[Records to use Boundary: Start]

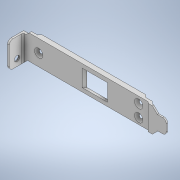
# Autodesk Inventor part: pcie-bracket
Saved by Autodesk Inventor 2021 (Build 250183000, 183)
## iProperties
Created: 2024-03-16
Part Number: pcie-bracket
Material: Generic
Document SubType Name: Modeling
Designer: Toby
Density: 1 g/cm^3
Appearance: Default
Author: Toby
Autodesk Inventor part; units mm, degrees
ref_plane "YZ Plane" through (0, 0, 0) normal (1, 0, 0) x (0, 1, 0)
ref_plane "XZ Plane" through (0, 0, 0) normal (0, 1, 0) x (-1, 0, 0)
ref_plane "XY Plane" through (0, 0, 0) normal (0, 0, 1) x (1, 0, 0)
sketch "Sketch1" plane through (0, 0, 0) normal (0, 0, 1) x (1, 0, 0)
  line L0 (-54.464, 10.0328) -> (58.286, 10.0328)
  line L1 (58.286, 10.0328) -> (58.286, -10.415)
  line L2 (58.286, -10.415) -> (-54.464, -10.415)
  line L3 (-54.464, -10.415) -> (-54.464, 10.0328)
  line L4 (58.286, 5.794) -> (65.556, 5.794)
  line L5 (65.556, 5.794) -> (65.556, -5.8813)
  line L6 (65.556, -5.8813) -> (58.286, -5.8813)
  line L7 (58.286, -5.8813) -> (58.286, 5.794)
  point P0 (0, 0)
  dimension "d0" = 112.75
  dimension "d1" = 120.02
  constraints: 16 end point, 4 parallel, 2 horizontal, 2 perpendicular, 1 point on line
  measures "d0" distance of L0.start L0.end
  measures "d1" distance between parallel lines of L3 L5
extrude "Extrusion1" add sketch "Sketch1" along normal blind 2
chamfer "Chamfer1" distance 4.2 angle 45 2 edges at (58.286, 10.0328, 1) (58.286, -10.415, 1)
fillet "Fillet1" radius 2 2 edges at (65.556, 5.794, 1) (65.556, -5.8813, 1)
sketch "Sketch3" plane through (-54.464, -10.415, 0) normal (-1, 0, 0) x (0, 0, 1)
  line L0 (0, 20.4479) -> (0, 0) projected
  line L1 (0, 17.9079) -> (13.43, 17.9079)
  line L2 (13.43, 17.9079) -> (13.43, -3.6821)
  line L3 (13.43, -3.6821) -> (0, -3.6821)
  line L4 (0, -3.6821) -> (0, 17.9079)
  line L5 (0, 20.4479) -> (2, 20.4479) projected
  line L6 (2, 20.4479) -> (2, 0) projected
  point P0 (0, 10.415)
  dimension "d14" = 2.54
  dimension "d15" = 21.59
  dimension "d16" = 11.43
  constraints: 8 end point, 2 parallel, 1 horizontal, 1 perpendicular, 1 point on line
  measures "d14" distance between parallel lines of L5 L1
  measures "d15" distance of L1.end L2.end
  measures "d16" distance between parallel lines of L2 L6
extrude "Extrusion3" add sketch "Sketch3" along normal blind 1.5 contours L1 L2 L3 L4 L0
sketch "Sketch4" plane through (0, 0, 0) normal (0, 0, -1) x (-1, 0, 0)
  line L0 (55.964, -14.0972) -> (55.964, 7.4928) projected
  line L1 (-54.086, 10.0328) -> (54.464, 10.0328) projected
  line L2 (55.964, 7.4928) -> (52.024, 7.4928)
  line L3 (52.024, 7.4928) -> (52.024, 10.0328)
  line L4 (52.024, 10.0328) -> (55.964, 10.0328)
  line L5 (55.964, 10.0328) -> (55.964, 7.4928)
  point P0 (0, 0)
  point P1 (-30.556, 10.0328)
  dimension "d19" = 3.94
  constraints: 8 end point, 2 parallel, 1 horizontal, 1 perpendicular, 1 point on line
  measures "d19" distance between parallel lines of L3 L5
extrude "Extrusion4" cut sketch "Sketch4" against normal blind 20
chamfer "Chamfer3" distance 2.54 angle 45 1 edges at (-52.024, 10.0328, 1)
chamfer "Chamfer4" distance 3.68 angle 45 1 edges at (-54.464, -10.415, 1)
fillet "Fillet2" radius 3 2 edges at (-55.214, 7.4928, 13.43) (-55.214, -14.0972, 13.43)
sketch "Sketch5" plane through (-55.964, -10.415, 0) normal (-1, 0, 0) x (0, 0, 1)
  circle A0 centre (7.08, 2.0279) radius 2.21
  line L0 (0, -3.6821) -> (10.43, -3.6821) projected
  line L1 (9.29, 2.0279) -> (4.87, 2.0279)
  line L2 (4.87, 2.0279) -> (4.87, -3.6821)
  line L3 (4.87, -3.6821) -> (9.29, -3.6821)
  line L4 (9.29, -3.6821) -> (9.29, 2.0279)
  line L5 (2, 20.4479) -> (0, 20.4479) projected
  line L6 (2, 17.9079) -> (2, 20.4479) projected
  point P0 (0, 10.415)
  point P1 (7.08, 2.0279)
  point P2 (9.29, -3.6821)
  point P3 (4.87, 2.0279)
  dimension "d29" = 4.42
  dimension "d30" = 18.42
  dimension "d31" = 5.08
  dimension "d32" = 5.08
  dimension "d33" = 4.42
  constraints: 8 end point, 2 parallel, 1 coincident, 1 horizontal, 1 midpoint, 1 perpendicular, 1 point on line, 3 other
  measures "d30" distance from line of L5 point (7.08, 2.028)
  measures "d31" distance from line of L6 point (7.08, 2.028)
  measures "d32" distance from line of L6 point (7.08, 2.028)
  measures "d33" distance between parallel lines of L2 L4
extrude "Extrusion5" cut sketch "Sketch5" against normal blind 2
fillet "Fillet3" radius 1 1 edges at (-54.464, -3.3011, 2)
fillet "Fillet4" radius 1 1 edges at (-55.964, -3.3022, 0)
sketch "Sketch13" plane through (0, 0, 0) normal (0, 0, -1) x (-1, 0, 0)
  line L0 (-1.036, 6.4328) -> (0.964, 6.4328)
  line L1 (0.964, 6.4328) -> (-0.036, 8.0328)
  line L2 (-0.036, 8.0328) -> (-1.036, 6.4328)
  line L3 (-54.086, 10.0328) -> (49.484, 10.0328) projected
  line L4 (54.964, 7.4928) -> (54.964, -14.0972) projected
  point P0 (0, 0)
  point P1 (-30.556, 10.0328)
  dimension "d84" = 2
  dimension "d85" = 1.6
  dimension "d86" = 1
  dimension "d87" = 2
  dimension "d88" = 55
  constraints: 6 end point, 1 horizontal
  measures "d84" distance of L0.end L0.start
  measures "d85" vertical distance of L0.end L1.end
  measures "d86" horizontal distance of L0.start L1.end
  measures "d87" distance from line of L3 L1.end
  measures "d88" distance from line of L4 L1.end
extrude "Extrusion12" cut sketch "Sketch13" against normal blind 0.4
sketch "Sketch14" plane through (0, 0, 2) normal (0, 0, 1) x (1, 0, 0)
  line L0 (-54.464, -11.0972) -> (-54.464, 4.4928) projected
  line L1 (-50.784, -10.415) -> (54.086, -10.415) projected
  line L2 (54.086, 10.0328) -> (-49.484, 10.0328) projected
  point P0 (0, 0)
  point P1 (-41.464, -0.415)
  point P2 (41.536, -5.415)
  point P3 (41.536, 4.585)
  dimension "d91" = 13
  dimension "d92" = 10
  dimension "d93" = 96
  dimension "d94" = 96
  dimension "d95" = 15
  dimension "d96" = 5
  dimension "d97" = 5.4479
  measures "d91" distance from line of L0 point (-41.464, -0.415)
  measures "d92" distance from line of L1 point (-41.464, -0.415)
  measures "d93" distance from line of L0 point (41.536, 4.585)
  measures "d94" distance from line of L0 point (41.536, -5.415)
  measures "d95" distance from line of L1 point (41.536, 4.585)
  measures "d96" distance from line of L1 point (41.536, -5.415)
  measures "d97" distance from line of point (41.536, 4.585) L2
hole "Hole2" at (-41.464, -0.415, 2) at (41.536, -5.415, 2) at (41.536, 4.585, 2) direction (0, 0, -1) diameter 3 depth 5 tip angle 118 countersink diameter 7 countersink angle 90
sketch "Sketch17" plane through (-49.484, 10.0328, 0) normal (0, 1, 0) x (1, 0, 0)
  line L0 (103.57, -2) -> (0, -2) projected
  line L1 (5.02, -2) -> (100.04, -2)
  line L2 (100.04, -2) -> (100.04, 2)
  line L3 (100.04, 2) -> (5.02, 2)
  line L4 (5.02, 2) -> (5.02, -2)
  line L5 (-4.98, -10.43) -> (-4.98, -3) projected
  line L6 (115.04, -2) -> (115.04, 0) projected
  point P0 (49.484, 0)
  dimension "d114" = 4
  dimension "d115" = 10
  dimension "d116" = 15
  constraints: 8 end point, 2 parallel, 1 horizontal, 1 perpendicular, 1 point on line
  measures "d114" distance between parallel lines of L0 L3
  measures "d115" distance between parallel lines of L5 L4
  measures "d116" distance from line of L6 L2.end
extrude "Extrusion14" add sketch "Sketch17" against normal blind 1.2
chamfer "Chamfer8" distance 2 angle 45 2 edges at (-44.464, 9.4328, -2) (50.556, 9.4328, -2)
sketch "Sketch18" plane through (0, 0, 2) normal (0, 0, 1) x (1, 0, 0)
  line L0 (-3.464, 6.385) -> (13.536, 6.385)
  line L1 (13.536, 6.385) -> (13.536, -6.815)
  line L2 (13.536, -6.815) -> (-3.464, -6.815)
  line L3 (-3.464, -6.815) -> (-3.464, 6.385)
  circle A0 centre (41.536, 4.585) radius 1.5 projected
  line L4 (-50.784, -10.415) -> (54.086, -10.415) projected
  point P0 (0, 0)
  dimension "d122" = 28
  dimension "d123" = 45
  dimension "d124" = 3.6
  dimension "d125" = 13.2
  constraints: 8 end point, 2 parallel, 1 horizontal, 1 perpendicular
  measures "d122" distance from line of A0.centre L1
  measures "d123" distance from line of A0.centre L3
  measures "d124" distance between parallel lines of L4 L2
  measures "d125" distance between parallel lines of L2 L0
extrude "Extrusion15" cut sketch "Sketch18" against normal blind 2 contours L0 L1 L2 L3
sketch "Sketch20" plane through (0, 0, 2) normal (0, 0, 1) x (1, 0, 0)
  line L0 (65.556, -5.8813) -> (58.286, -5.8813)
  line L1 (58.286, -5.8813) -> (58.286, 5.794)
  line L2 (58.286, 5.794) -> (65.556, 5.794)
  line L3 (65.556, 5.794) -> (65.556, -5.8813)
  line L4 (58.286, -10.415) -> (51.286, -10.415)
  line L5 (51.286, -10.415) -> (51.286, 10.0328)
  line L6 (51.286, 10.0328) -> (58.286, 10.0328)
  line L7 (58.286, 10.0328) -> (58.286, -10.415)
  line L8 (65.556, -3.8813) -> (65.556, 3.794) projected
  line L9 (58.286, -5.8813) -> (63.556, -5.8813) projected
  line L10 (63.556, 5.794) -> (58.286, 5.794) projected
  line L11 (54.086, 10.0328) -> (-49.484, 10.0328) projected
  line L12 (-50.784, -10.415) -> (54.086, -10.415) projected
  line L13 (58.286, -6.215) -> (58.286, -5.8813) projected
  point P0 (0, 0)
  dimension "d136" = 7
  constraints: 16 end point, 6 collinear, 4 parallel, 2 horizontal, 2 perpendicular, 1 point on line
  measures "d136" distance of L4.start L4.end
extrude "Extrusion17" add sketch "Sketch20" along normal blind 2
chamfer "Chamfer11" distance 4.2 angle 45 2 edges at (58.286, -10.415, 3) (58.286, 10.0328, 3)
chamfer "Chamfer12" distance 2 angle 45 1 edges at (51.286, -0.1911, 2)
sketch "Sketch21" plane through (-50.784, -10.415, 0) normal (0, -1, 0) x (1, 0, 0)
  line L0 (116.34, 0) -> (114.34, 0) projected
  line L1 (116.34, 0) -> (103.34, 0)
  line L2 (103.34, 0) -> (103.34, 2)
  line L3 (103.34, 2) -> (116.34, 2)
  line L4 (116.34, 2) -> (116.34, 0)
  line L5 (114.34, 2) -> (116.34, 2) projected
  line L6 (104.87, 0) -> (101.34, 0) projected
  point P0 (50.784, 0)
  dimension "d145" = 2
  constraints: 8 end point, 2 parallel, 1 collinear, 1 horizontal, 1 perpendicular
  measures "d145" distance from line of L2 L6.end
extrude "Extrusion18" cut sketch "Sketch21" against normal blind 200
chamfer "Chamfer13" distance 2 angle 45 1 edges at (52.556, -0.1911, 0)
fillet "Fillet10" radius 3 2 edges at (65.556, -5.8813, 3) (65.556, 5.794, 3)
sketch "Sketch22" plane through (-50.784, -10.415, 0) normal (0, -1, 0) x (1, 0, 0)
  line L0 (101.14, 4) -> (116.34, 4)
  line L1 (116.34, 4) -> (116.34, 3.2)
  line L2 (116.34, 3.2) -> (101.14, 3.2)
  line L3 (101.14, 3.2) -> (101.14, 4)
  line L4 (102.07, 4) -> (104.87, 4) projected
  line L5 (116.34, 2) -> (116.34, 4) projected
  point P0 (50.784, 0)
  dimension "d152" = 15.2
  dimension "d153" = 0.8
  constraints: 8 end point, 2 collinear, 2 parallel, 1 horizontal, 1 perpendicular
  measures "d152" distance between parallel lines of L1 L3
  measures "d153" distance between parallel lines of L0 L2
extrude "Extrusion19" cut sketch "Sketch22" against normal blind 200
sketch "Sketch23" plane through (-49.484, 8.8328, 0) normal (0, -1, 0) x (1, 0, 0)
  line L0 (5.02, 0) -> (100.04, 0) projected
  line L1 (7.02, -2) -> (98.04, -2) projected
  line L2 (100.04, 0) -> (95.04, 0)
  line L3 (95.04, 0) -> (95.04, -2)
  line L4 (95.04, -2) -> (100.04, -2)
  line L5 (100.04, -2) -> (100.04, 0)
  point P0 (49.484, 0)
  dimension "d156" = 5
  constraints: 8 end point, 2 parallel, 1 horizontal, 1 perpendicular, 1 point on line
  measures "d156" distance between parallel lines of L5 L3
extrude "Extrusion20" cut sketch "Sketch23" against normal blind 10
chamfer "Chamfer14" distance 2 angle 45 1 edges at (45.556, 9.4328, -2)
sketch "Sketch24" plane through (-55.964, -10.415, 0) normal (-1, 0, 0) x (0, 0, 1)
  arc A0 (9.29, 2.0279) -> (4.87, 2.0279) centre (7.08, 2.0279) ccw projected
  circle A1 centre (7.08, 2.0279) radius 2.21
  line L0 (4.87, -3.6821) -> (4.87, 2.0279) projected
  line L1 (9.29, 2.0279) -> (9.29, -3.6821) projected
  line L2 (4.87, -3.6821) -> (9.29, -3.6821)
  line L3 (9.29, -3.6821) -> (9.29, -0.6821)
  line L4 (9.29, -0.6821) -> (4.87, -0.6821)
  line L5 (4.87, -0.6821) -> (4.87, -3.6821)
  point P0 (0, 10.415)
  point P1 (9.29, 2.0279)
  point P2 (4.87, 2.0279)
  dimension "d162" = 3
  constraints: 8 end point, 2 coincident, 2 parallel, 1 centre point, 1 concentric, 1 horizontal, 1 perpendicular, 1 point on line
  measures "d162" distance between parallel lines of L2 L4
extrude "Extrusion21" add sketch "Sketch24" against normal blind 1.5 contours L1 L4 L0 A1 | L1 L2 L0 L4
chamfer "Chamfer15" distance 0.4 angle 45 2 edges at (-55.964, -10.5972, 7.08) (-55.964, -6.1772, 7.08)
sketch "Sketch25" plane through (0, 0, 2) normal (0, 0, 1) x (1, 0, 0)
  line L0 (13.536, -7.215) -> (-3.464, -7.215)
  line L1 (-3.464, -7.215) -> (-3.464, 6.785)
  line L2 (-3.464, 6.785) -> (13.536, 6.785)
  line L3 (13.536, 6.785) -> (13.536, -7.215)
  line L4 (13.536, 6.385) -> (13.536, -6.815) projected
  line L5 (-3.464, -6.815) -> (-3.464, 6.385) projected
  line L6 (13.536, -6.815) -> (-3.464, -6.815) projected
  line L7 (-3.464, 6.385) -> (13.536, 6.385) projected
  point P0 (0, 0)
  dimension "d168" = 0.4
  dimension "d169" = 0.4
  constraints: 8 end point, 2 collinear, 2 parallel, 1 horizontal, 1 perpendicular
  measures "d168" distance between parallel lines of L6 L0
  measures "d169" distance between parallel lines of L2 L7
extrude "Extrusion22" cut sketch "Sketch25" against normal blind 2
chamfer "Chamfer16" distance 2 angle 45 6 edges at (13.536, -7.015, 2) (13.536, -0.215, 2) (13.536, 6.585, 2) (-3.464, -0.215, 2) (-3.464, -7.015, 2) (-3.464, 6.585, 2)
body "Solid1"

[Records to use Boundary: End]

Only the lines from the one containing "line L4 (13.536, 6.385)" to the end of the data should be printed, exactly as they stand.

#### [Answer to the exercise]
  line L4 (13.536, 6.385) -> (13.536, -6.815) projected
  line L5 (-3.464, -6.815) -> (-3.464, 6.385) projected
  line L6 (13.536, -6.815) -> (-3.464, -6.815) projected
  line L7 (-3.464, 6.385) -> (13.536, 6.385) projected
  point P0 (0, 0)
  dimension "d168" = 0.4
  dimension "d169" = 0.4
  constraints: 8 end point, 2 collinear, 2 parallel, 1 horizontal, 1 perpendicular
  measures "d168" distance between parallel lines of L6 L0
  measures "d169" distance between parallel lines of L2 L7
extrude "Extrusion22" cut sketch "Sketch25" against normal blind 2
chamfer "Chamfer16" distance 2 angle 45 6 edges at (13.536, -7.015, 2) (13.536, -0.215, 2) (13.536, 6.585, 2) (-3.464, -0.215, 2) (-3.464, -7.015, 2) (-3.464, 6.585, 2)
body "Solid1"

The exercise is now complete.